Stored data
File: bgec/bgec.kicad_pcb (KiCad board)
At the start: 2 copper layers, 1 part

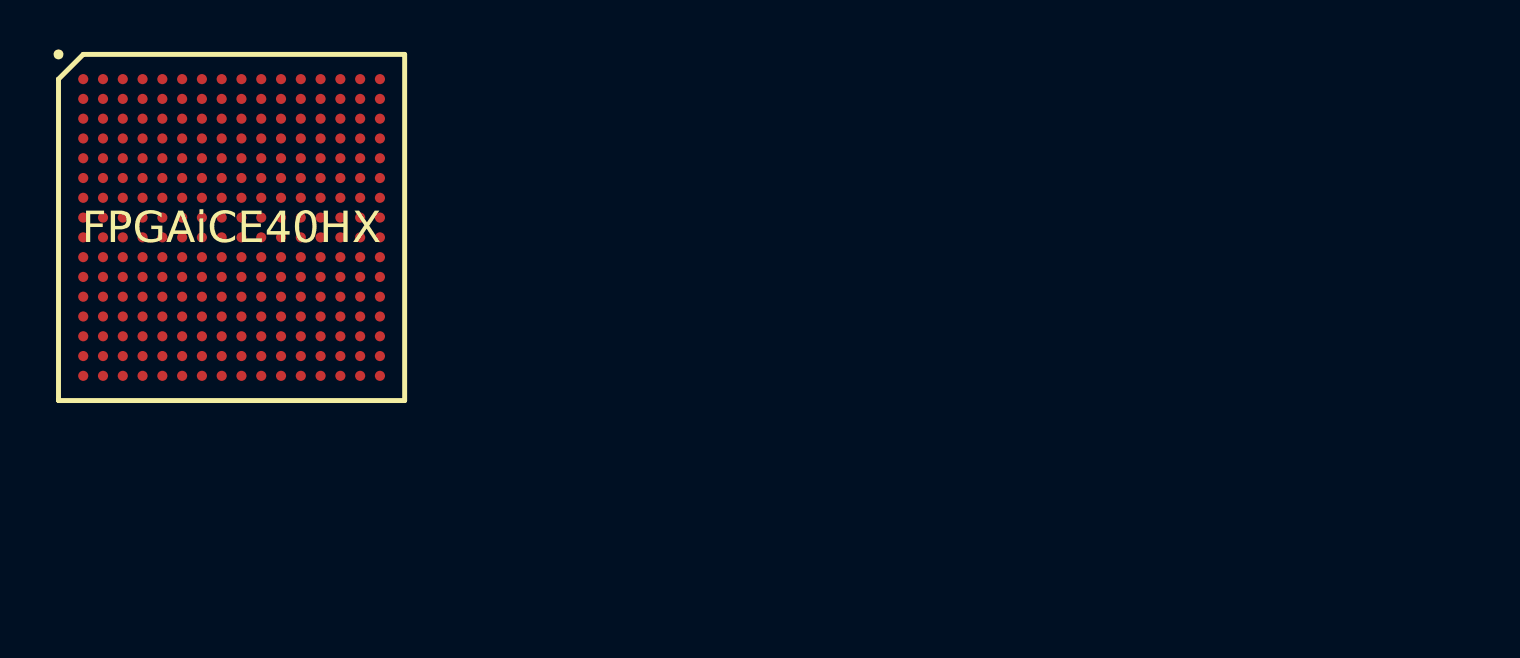
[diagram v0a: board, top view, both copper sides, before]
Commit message: Annotate items so PCB can be generated
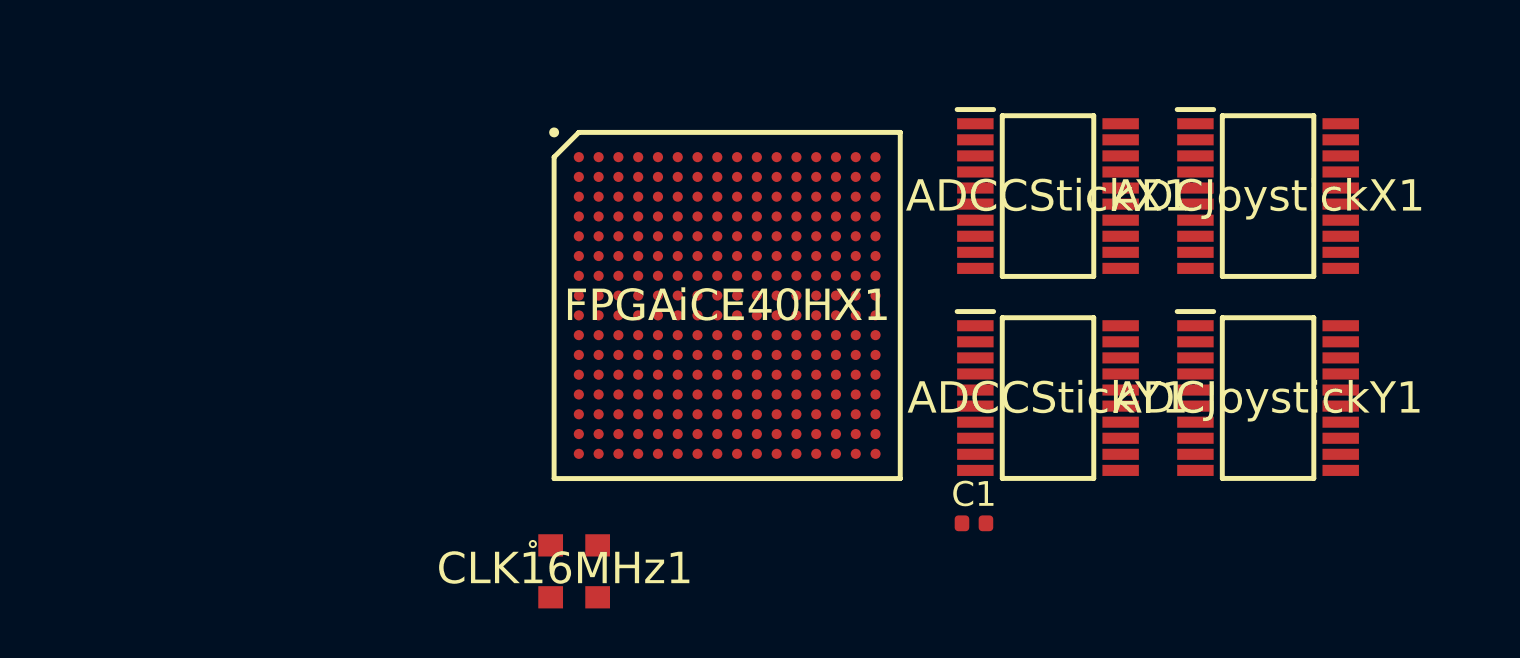
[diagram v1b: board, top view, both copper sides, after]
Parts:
- removed FPGAiCE40HX: BGA256C80P16X16_1400X1400X170, bgec:BGA256C80P16X16_1400X1400X170
- added ADCCStickX1: AD7822BRUZ, LibraryLoader:SOP65P640X120-20N, F.Cu at (153.7, 94.0)
- added ADCCStickY1: AD7822BRUZ, LibraryLoader:SOP65P640X120-20N, F.Cu at (153.7, 102.2)
- added ADCJoystickX1: AD7822BRUZ, LibraryLoader:SOP65P640X120-20N, F.Cu at (162.6, 94.0)
- added ADCJoystickY1: AD7822BRUZ, LibraryLoader:SOP65P640X120-20N, F.Cu at (162.6, 102.2)
- added C1: 100nF, Capacitor_SMD:C_0402_1005Metric, F.Cu at (150.7, 107.2)
- added CLK16MHz1: DSC6001CI2A-016.0000T, LibraryLoader:4-LEAD_CDFN-3.2X2.5_1, F.Cu at (134.5, 109.2)
- added FPGAiCE40HX1: ICE40HX8K-CT256, bgec:BGA256C80P16X16_1400X1400X170, F.Cu at (140.7, 98.4)

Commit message: Add clock and reset connections
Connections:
- net Net-(FPGAiCE40HX1-PadF7) renamed RESET
- FPGAiCE40HX1 pad C8: Net-(FPGAiCE40HX1-PadC8) -> CLK

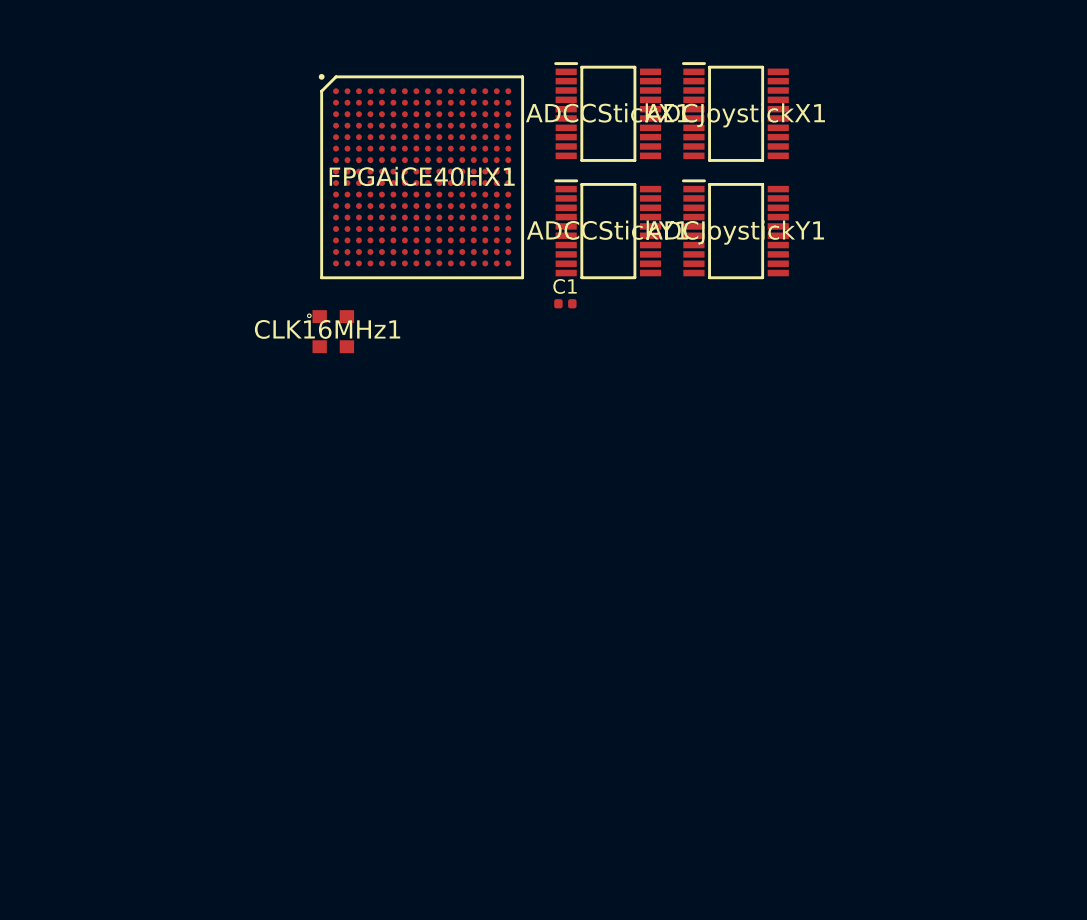
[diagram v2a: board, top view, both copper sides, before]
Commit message: Connect the ADCs
I might be doing this wrong by ignoring CONVST. We'll see. I need to update the software side of things to start doing Parallel ADCs.
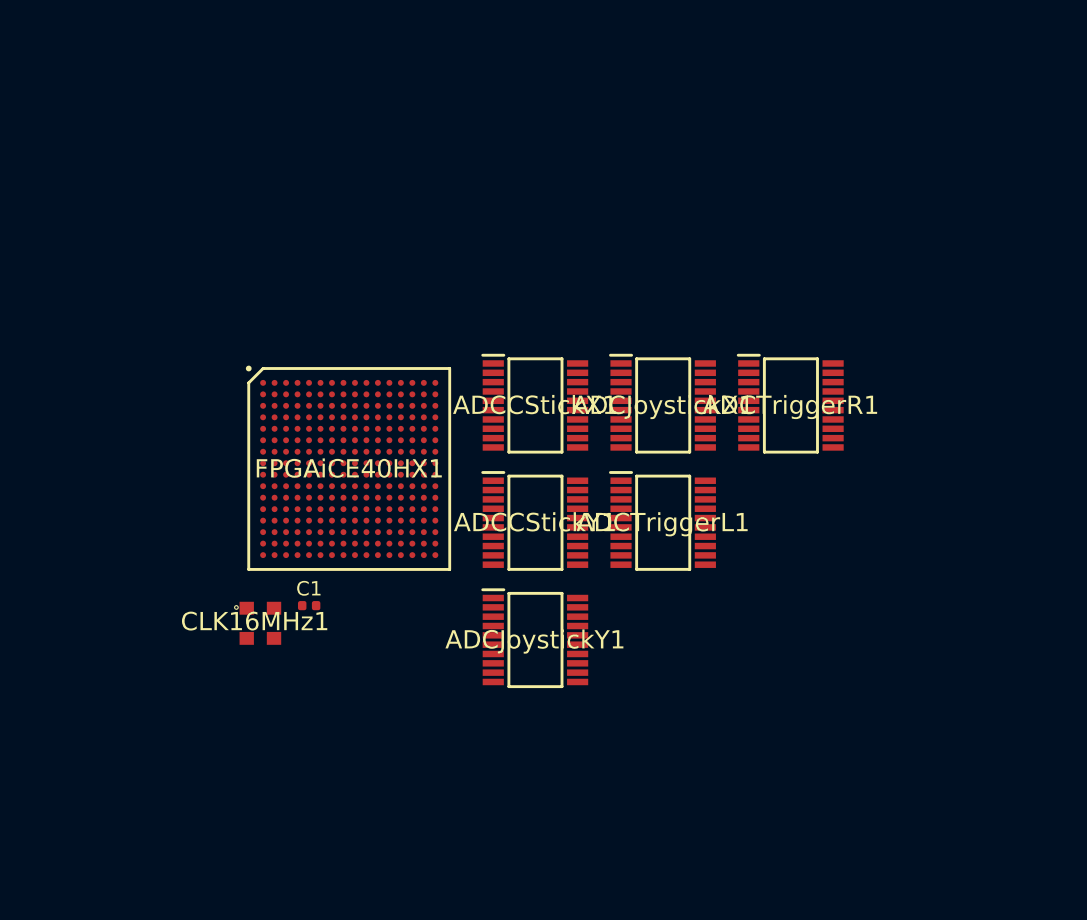
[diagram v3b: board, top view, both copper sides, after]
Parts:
- added ADCTriggerL1: AD7822BRUZ, LibraryLoader:SOP65P640X120-20N, F.Cu at (157.5, 122.5)
- added ADCTriggerR1: AD7822BRUZ, LibraryLoader:SOP65P640X120-20N, F.Cu at (166.4, 114.3)
- moved ADCJoystickY1 31.7 mm to (148.6, 130.6)
- moved C1 27.6 mm to (132.8, 128.2)
- moved CLK16MHz1 20.9 mm to (129.4, 129.5)
- moved ADCCStickX1 20.9 mm to (148.6, 114.3)
- moved ADCCStickY1 20.9 mm to (148.6, 122.5)
- moved ADCJoystickX1 20.9 mm to (157.5, 114.3)
- moved FPGAiCE40HX1 20.9 mm to (135.6, 118.7)
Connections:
- net Net-(ADCCStickX1-Pad8) renamed CStickXEOC
- net Net-(ADCCStickY1-Pad8) renamed CStickYEOC
- net Net-(FPGAiCE40HX1-PadA6) renamed ButtonL
- net Net-(FPGAiCE40HX1-PadA9) renamed ButtonZ
- net Net-(FPGAiCE40HX1-PadB3) renamed ModeMajor
- net Net-(FPGAiCE40HX1-PadC14) renamed GCData
- net Net-(FPGAiCE40HX1-PadC4) renamed ButtonR
- net Net-(FPGAiCE40HX1-PadC9) renamed ButtonB
- net Net-(FPGAiCE40HX1-PadD10) renamed ButtonA
- net Net-(FPGAiCE40HX1-PadD4) renamed ModeMinor
- net Net-(FPGAiCE40HX1-PadD9) renamed ButtonY
- net Net-(FPGAiCE40HX1-PadE9) renamed ButtonX
- net Net-(FPGAiCE40HX1-PadF9) renamed ButtonStart
- ADCCStickX1 pad 14: Net-(ADCCStickX1-Pad14) -> GCLogic
- ADCCStickX1 pad 7: Net-(ADCCStickX1-Pad7) -> GCLogicGround
- ADCCStickY1 pad 14: Net-(ADCCStickY1-Pad14) -> GCLogic
- ADCCStickY1 pad 7: Net-(ADCCStickY1-Pad7) -> GCLogicGround
- ADCJoystickX1 pad 1: Net-(ADCJoystickX1-Pad1) -> JoystickXDB2
- ADCJoystickX1 pad 14: Net-(ADCJoystickX1-Pad14) -> GCLogic
- ADCJoystickX1 pad 16: Net-(ADCJoystickX1-Pad16) -> JoystickXDB7
- ADCJoystickX1 pad 17: Net-(ADCJoystickX1-Pad17) -> JoystickXDB6
- ADCJoystickX1 pad 18: Net-(ADCJoystickX1-Pad18) -> JoystickXDB5
- ADCJoystickX1 pad 19: Net-(ADCJoystickX1-Pad19) -> JoystickXDB4
- ADCJoystickX1 pad 2: Net-(ADCJoystickX1-Pad2) -> JoystickXDB1
- ADCJoystickX1 pad 20: Net-(ADCJoystickX1-Pad20) -> JoystickXDB3
- ADCJoystickX1 pad 3: Net-(ADCJoystickX1-Pad3) -> JoystickXDB0
- ADCJoystickX1 pad 7: Net-(ADCJoystickX1-Pad7) -> GCLogicGround
- ADCJoystickX1 pad 8: Net-(ADCJoystickX1-Pad8) -> JoystickXEOC
- ADCJoystickY1 pad 1: Net-(ADCJoystickY1-Pad1) -> JoystickYDB2
- ADCJoystickY1 pad 14: Net-(ADCJoystickY1-Pad14) -> GCLogic
- ADCJoystickY1 pad 16: Net-(ADCJoystickY1-Pad16) -> JoystickYDB7
- ADCJoystickY1 pad 17: Net-(ADCJoystickY1-Pad17) -> JoystickYDB6
- ADCJoystickY1 pad 18: Net-(ADCJoystickY1-Pad18) -> JoystickYDB5
- ADCJoystickY1 pad 19: Net-(ADCJoystickY1-Pad19) -> JoystickYDB4
- ADCJoystickY1 pad 2: Net-(ADCJoystickY1-Pad2) -> JoystickYDB1
- ADCJoystickY1 pad 20: Net-(ADCJoystickY1-Pad20) -> JoystickYDB3
- ADCJoystickY1 pad 3: Net-(ADCJoystickY1-Pad3) -> JoystickYDB0
- ADCJoystickY1 pad 7: Net-(ADCJoystickY1-Pad7) -> GCLogicGround
- ADCJoystickY1 pad 8: Net-(ADCJoystickY1-Pad8) -> JoystickYEOC
- FPGAiCE40HX1 pad A1: Net-(FPGAiCE40HX1-PadA1) -> TriggerRDB1
- FPGAiCE40HX1 pad A10: Net-(FPGAiCE40HX1-PadA10) -> JoystickYDB1
- FPGAiCE40HX1 pad A11: Net-(FPGAiCE40HX1-PadA11) -> JoystickYDB0
- FPGAiCE40HX1 pad A15: Net-(FPGAiCE40HX1-PadA15) -> JoystickXDB1
- FPGAiCE40HX1 pad A16: Net-(FPGAiCE40HX1-PadA16) -> JoystickXDB2
- FPGAiCE40HX1 pad A2: Net-(FPGAiCE40HX1-PadA2) -> TriggerRDB3
- FPGAiCE40HX1 pad A5: Net-(FPGAiCE40HX1-PadA5) -> TriggerRDB7
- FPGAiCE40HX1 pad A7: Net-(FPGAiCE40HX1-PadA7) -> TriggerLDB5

What the task asks
Above this task is a listing with pictures in it. Retype only the lines from the one containing "[diagram v0a: board, top" through the one containing "I might be doing", both included, and not the pictures.

Answer section
[diagram v0a: board, top view, both copper sides, before]
Commit message: Annotate items so PCB can be generated
[diagram v1b: board, top view, both copper sides, after]
Parts:
- removed FPGAiCE40HX: BGA256C80P16X16_1400X1400X170, bgec:BGA256C80P16X16_1400X1400X170
- added ADCCStickX1: AD7822BRUZ, LibraryLoader:SOP65P640X120-20N, F.Cu at (153.7, 94.0)
- added ADCCStickY1: AD7822BRUZ, LibraryLoader:SOP65P640X120-20N, F.Cu at (153.7, 102.2)
- added ADCJoystickX1: AD7822BRUZ, LibraryLoader:SOP65P640X120-20N, F.Cu at (162.6, 94.0)
- added ADCJoystickY1: AD7822BRUZ, LibraryLoader:SOP65P640X120-20N, F.Cu at (162.6, 102.2)
- added C1: 100nF, Capacitor_SMD:C_0402_1005Metric, F.Cu at (150.7, 107.2)
- added CLK16MHz1: DSC6001CI2A-016.0000T, LibraryLoader:4-LEAD_CDFN-3.2X2.5_1, F.Cu at (134.5, 109.2)
- added FPGAiCE40HX1: ICE40HX8K-CT256, bgec:BGA256C80P16X16_1400X1400X170, F.Cu at (140.7, 98.4)

Commit message: Add clock and reset connections
Connections:
- net Net-(FPGAiCE40HX1-PadF7) renamed RESET
- FPGAiCE40HX1 pad C8: Net-(FPGAiCE40HX1-PadC8) -> CLK

[diagram v2a: board, top view, both copper sides, before]
Commit message: Connect the ADCs
I might be doing this wrong by ignoring CONVST. We'll see. I need to update the software side of things to start doing Parallel ADCs.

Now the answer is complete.